The catalysts were first tested for their electrochemical properties in an electrochemical half-cell with a potentiostat. Impedance measurements, cyclic voltammetry measurements and linear sweep voltammetry measurements were carried out to estimate the performance. The mechanical stability of the catalysts was tested in a simple flow cell.
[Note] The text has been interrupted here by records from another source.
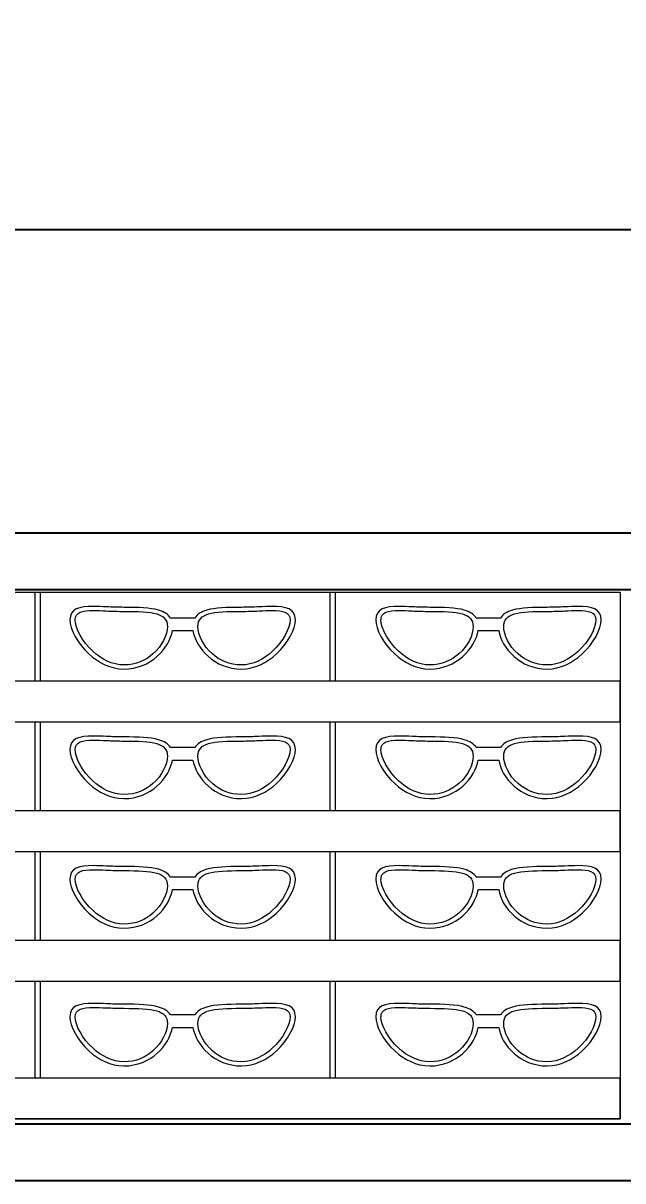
# Model space of a CAD drawing. Header units: millimetres. Extents: x 707 to 3286, y 624 to 1363.
# Drawn here: x 1077 to 1447, y 649 to 1363 of the extents above; entities that cross this region are included whole.
import ezdxf

# ---------------------------------------------------------------- set-up
doc = ezdxf.new("R2010")
doc.units = ezdxf.units.MM
doc.linetypes.add('DASHED', pattern=[0.75, 0.5, -0.25])
doc.layers.add('Layer 1', color=7, linetype='Continuous')
doc.layers.add('wood', color=49, linetype='Continuous')
doc.layers.add('Reference lines', color=252, linetype='Continuous', lineweight=0)
doc.styles.add('WOT-PLAN', font='segoeuil.ttf', dxfattribs={"height": 100})
doc.dimstyles.new('WOT - 100', dxfattribs={"dimtxt": 100, "dimasz": 50, "dimexe": 25, "dimexo": 25, "dimgap": 10, "dimtad": 0, "dimdec": 0, "dimzin": 0, "dimdsep": 46, "dimtxsty": 'WOT-PLAN', "dimblk": 'OBLIQUE', "dimcen": 0.09, "dimdle": 25, "dimclrd": 151, "dimclre": 151, "dimclrt": 7, "dimadec": 0, "dimazin": 0, "dimtfac": 1, "dimtdec": 0, "dimtofl": 0, "dimtmove": 0, "dimatfit": 3, "dimldrblk": 'OPEN30', "dimfxl": 100, "dimfxlon": 1, "dimtolj": 1, "dimtzin": 0, "dimlwd": -1, "dimlwe": 5, "dimarcsym": 0})

# ---------------------------------------------------------------- blocks, each defined once
blk = doc.blocks.new('A$C61F578BB')
at = {"layer": 'Layer 1', "color": 252, "lineweight": 5}
for points, knots in [([(435.85, 347.4), (435.85, 347.4), (450.79, 347.4), (450.79, 347.4), (450.79, 347.4), (452.2, 349.75), (454.72, 351.29), (458.2, 352.3), (458.2, 352.3), (463.35, 353.8), (470.63, 354.01), (479.55, 354.01), (479.55, 354.01), (479.55, 354.01), (479.55, 354.02), (479.55, 354.02), (479.55, 354.02), (483.32, 354.02), (486.93, 354.18), (490.26, 354.32), (490.26, 354.32), (493.22, 354.45), (495.98, 354.56), (498.44, 354.56), (498.44, 354.56), (507.19, 354.56), (512.88, 353.16), (512.88, 346.28), (512.88, 346.28), (512.88, 346.28), (512.87, 346.28), (512.87, 346.28), (512.87, 346.28), (512.87, 340.55), (508.31, 331.79), (501.13, 325.22), (501.13, 325.22), (495.35, 319.91), (487.82, 315.95), (479.55, 315.95), (479.55, 315.95), (471.21, 315.95), (464.28, 319.16), (459.19, 323.61), (459.19, 323.61), (453.82, 328.32), (450.47, 334.49), (449.68, 339.75), (449.68, 339.75), (449.68, 339.75), (436.97, 339.75), (436.97, 339.75), (436.97, 339.75), (436.18, 334.49), (432.85, 328.32), (427.48, 323.61), (427.48, 323.61), (422.39, 319.16), (415.46, 315.95), (407.12, 315.95), (407.12, 315.95), (398.84, 315.95), (391.31, 319.91), (385.53, 325.22), (385.53, 325.22), (378.36, 331.79), (373.79, 340.55), (373.79, 346.28), (373.79, 346.28), (373.79, 346.28), (373.79, 346.28), (373.79, 346.28), (373.79, 346.28), (373.79, 353.16), (379.47, 354.56), (388.23, 354.56), (388.23, 354.56), (390.69, 354.56), (393.45, 354.45), (396.4, 354.32), (396.4, 354.32), (399.73, 354.18), (403.34, 354.02), (407.12, 354.02), (407.12, 354.02), (416.03, 354.02), (423.3, 353.8), (428.46, 352.3), (428.46, 352.3), (431.94, 351.29), (434.45, 349.75), (435.85, 347.4)], [0, 0, 0, 0, 0.043478, 0.043478, 0.043478, 0.043478, 0.086957, 0.086957, 0.086957, 0.086957, 0.130435, 0.130435, 0.130435, 0.130435, 0.173913, 0.173913, 0.173913, 0.173913, 0.217391, 0.217391, 0.217391, 0.217391, 0.26087, 0.26087, 0.26087, 0.26087, 0.304348, 0.304348, 0.304348, 0.304348, 0.347826, 0.347826, 0.347826, 0.347826, 0.391304, 0.391304, 0.391304, 0.391304, 0.434783, 0.434783, 0.434783, 0.434783, 0.478261, 0.478261, 0.478261, 0.478261, 0.521739, 0.521739, 0.521739, 0.521739, 0.565217, 0.565217, 0.565217, 0.565217, 0.608696, 0.608696, 0.608696, 0.608696, 0.652174, 0.652174, 0.652174, 0.652174, 0.695652, 0.695652, 0.695652, 0.695652, 0.73913, 0.73913, 0.73913, 0.73913, 0.782609, 0.782609, 0.782609, 0.782609, 0.826087, 0.826087, 0.826087, 0.826087, 0.869565, 0.869565, 0.869565, 0.869565, 0.913043, 0.913043, 0.913043, 0.913043, 0.956522, 0.956522, 0.956522, 0.956522, 1, 1, 1, 1]), ([(427.31, 349.95), (422.65, 351.3), (415.69, 351.5), (407.12, 351.5), (407.12, 351.5), (403.31, 351.5), (399.62, 351.67), (396.22, 351.81), (396.22, 351.81), (393.35, 351.93), (390.66, 352.05), (388.23, 352.05), (388.23, 352.05), (381.45, 352.05), (377.06, 351.08), (377.06, 346.28), (377.06, 346.28), (377.06, 346.28), (377.05, 346.28), (377.05, 346.28), (377.05, 346.28), (377.05, 341.06), (381.33, 332.98), (388.04, 326.82), (388.04, 326.82), (393.26, 322.04), (399.93, 318.47), (407.12, 318.47), (407.12, 318.47), (414.41, 318.47), (420.51, 321.31), (425.02, 325.27), (425.02, 325.27), (430.7, 330.25), (433.9, 336.97), (433.9, 342.13), (433.9, 342.13), (433.9, 346.41), (431.54, 348.72), (427.31, 349.95)], [0, 0, 0, 0, 0.1, 0.1, 0.1, 0.1, 0.2, 0.2, 0.2, 0.2, 0.3, 0.3, 0.3, 0.3, 0.4, 0.4, 0.4, 0.4, 0.5, 0.5, 0.5, 0.5, 0.6, 0.6, 0.6, 0.6, 0.7, 0.7, 0.7, 0.7, 0.8, 0.8, 0.8, 0.8, 0.9, 0.9, 0.9, 0.9, 1, 1, 1, 1]), ([(479.55, 351.51), (470.98, 351.51), (464.02, 351.31), (459.35, 349.95), (459.35, 349.95), (455.12, 348.72), (452.76, 346.41), (452.76, 342.13), (452.76, 342.13), (452.76, 336.97), (455.96, 330.25), (461.65, 325.27), (461.65, 325.27), (466.16, 321.31), (472.26, 318.47), (479.55, 318.47), (479.55, 318.47), (486.73, 318.47), (493.4, 322.04), (498.62, 326.82), (498.62, 326.82), (505.33, 332.98), (509.61, 341.06), (509.61, 346.28), (509.61, 346.28), (509.61, 346.28), (509.6, 346.28), (509.6, 346.28), (509.6, 346.28), (509.6, 351.08), (505.21, 352.05), (498.44, 352.05), (498.44, 352.05), (496, 352.05), (493.31, 351.93), (490.44, 351.81), (490.44, 351.81), (487.04, 351.67), (483.35, 351.5), (479.55, 351.5), (479.55, 351.5), (479.55, 351.5), (479.55, 351.51), (479.55, 351.51)], [0, 0, 0, 0, 0.090909, 0.090909, 0.090909, 0.090909, 0.181818, 0.181818, 0.181818, 0.181818, 0.272727, 0.272727, 0.272727, 0.272727, 0.363636, 0.363636, 0.363636, 0.363636, 0.454545, 0.454545, 0.454545, 0.454545, 0.545455, 0.545455, 0.545455, 0.545455, 0.636364, 0.636364, 0.636364, 0.636364, 0.727273, 0.727273, 0.727273, 0.727273, 0.818182, 0.818182, 0.818182, 0.818182, 0.909091, 0.909091, 0.909091, 0.909091, 1, 1, 1, 1]), ([(624.48, 347.4), (624.48, 347.4), (639.42, 347.4), (639.42, 347.4), (639.42, 347.4), (640.83, 349.75), (643.35, 351.29), (646.83, 352.3), (646.83, 352.3), (651.98, 353.8), (659.26, 354.01), (668.18, 354.01), (668.18, 354.01), (668.18, 354.01), (668.18, 354.02), (668.18, 354.02), (668.18, 354.02), (671.95, 354.02), (675.56, 354.18), (678.89, 354.32), (678.89, 354.32), (681.84, 354.45), (684.61, 354.56), (687.06, 354.56), (687.06, 354.56), (695.82, 354.56), (701.51, 353.16), (701.51, 346.28), (701.51, 346.28), (701.51, 346.28), (701.5, 346.28), (701.5, 346.28), (701.5, 346.28), (701.5, 340.55), (696.94, 331.79), (689.76, 325.22), (689.76, 325.22), (683.98, 319.91), (676.45, 315.95), (668.18, 315.95), (668.18, 315.95), (659.84, 315.95), (652.9, 319.16), (647.82, 323.61), (647.82, 323.61), (642.44, 328.32), (639.1, 334.49), (638.31, 339.75), (638.31, 339.75), (638.31, 339.75), (625.6, 339.75), (625.6, 339.75), (625.6, 339.75), (624.8, 334.49), (621.48, 328.32), (616.1, 323.61), (616.1, 323.61), (611.02, 319.16), (604.09, 315.95), (595.75, 315.95), (595.75, 315.95), (587.47, 315.95), (579.94, 319.91), (574.16, 325.22), (574.16, 325.22), (566.99, 331.79), (562.42, 340.55), (562.42, 346.28), (562.42, 346.28), (562.42, 346.28), (562.42, 346.28), (562.42, 346.28), (562.42, 346.28), (562.42, 353.16), (568.1, 354.56), (576.86, 354.56), (576.86, 354.56), (579.31, 354.56), (582.08, 354.45), (585.03, 354.32), (585.03, 354.32), (588.36, 354.18), (591.97, 354.02), (595.75, 354.02), (595.75, 354.02), (604.66, 354.02), (611.93, 353.8), (617.09, 352.3), (617.09, 352.3), (620.57, 351.29), (623.07, 349.75), (624.48, 347.4)], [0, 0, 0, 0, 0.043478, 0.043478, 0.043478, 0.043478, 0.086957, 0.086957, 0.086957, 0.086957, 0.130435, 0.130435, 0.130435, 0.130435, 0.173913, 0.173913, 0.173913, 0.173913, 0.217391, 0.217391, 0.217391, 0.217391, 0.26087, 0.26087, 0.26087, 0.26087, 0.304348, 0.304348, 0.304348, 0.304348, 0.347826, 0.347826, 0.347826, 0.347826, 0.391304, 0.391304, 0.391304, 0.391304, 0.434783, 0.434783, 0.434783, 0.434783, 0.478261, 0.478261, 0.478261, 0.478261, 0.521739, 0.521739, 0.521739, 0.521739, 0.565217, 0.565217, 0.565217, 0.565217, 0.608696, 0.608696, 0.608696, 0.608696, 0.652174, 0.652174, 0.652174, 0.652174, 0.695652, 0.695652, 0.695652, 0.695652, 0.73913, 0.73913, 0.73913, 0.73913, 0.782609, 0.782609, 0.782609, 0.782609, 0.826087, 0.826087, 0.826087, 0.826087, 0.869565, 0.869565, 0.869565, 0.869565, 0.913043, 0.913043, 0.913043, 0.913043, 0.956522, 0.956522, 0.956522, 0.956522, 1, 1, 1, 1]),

For measurements under more realistic conditions, a test electrolysis cell (C-Flow LAB Cell) was purchased in which the catalyst was integrated as a cathode. Here, electrochemical measurements could be carried out under more realistic conditions to estimate performance and determine long-term stability. A maximum current density of -215.6 mA/cm2 at a cell voltage of -3.1 V was achieved in this cell. In relation to the amount of silver (Ag) used, a material-specific current density of -21.5 A/g(Ag) was achieved. A long-term stability of the catalysts of > 100 hours was easily achieved by carrying out chronoamperometry measurements. The load cycle stability was also confirmed in the course of the long-term stability measurements.
Gas analysis measurements were carried out in the same cell setup. Infrared spectroscopy was used to qualitatively determine the product gas and detect CO. By using special tubes from Dräger to determine the CO concentration, it was possible to estimate the amount of CO produced in the product gas. However, only a low selectivity of 5 % to 28 % was measured at various voltages.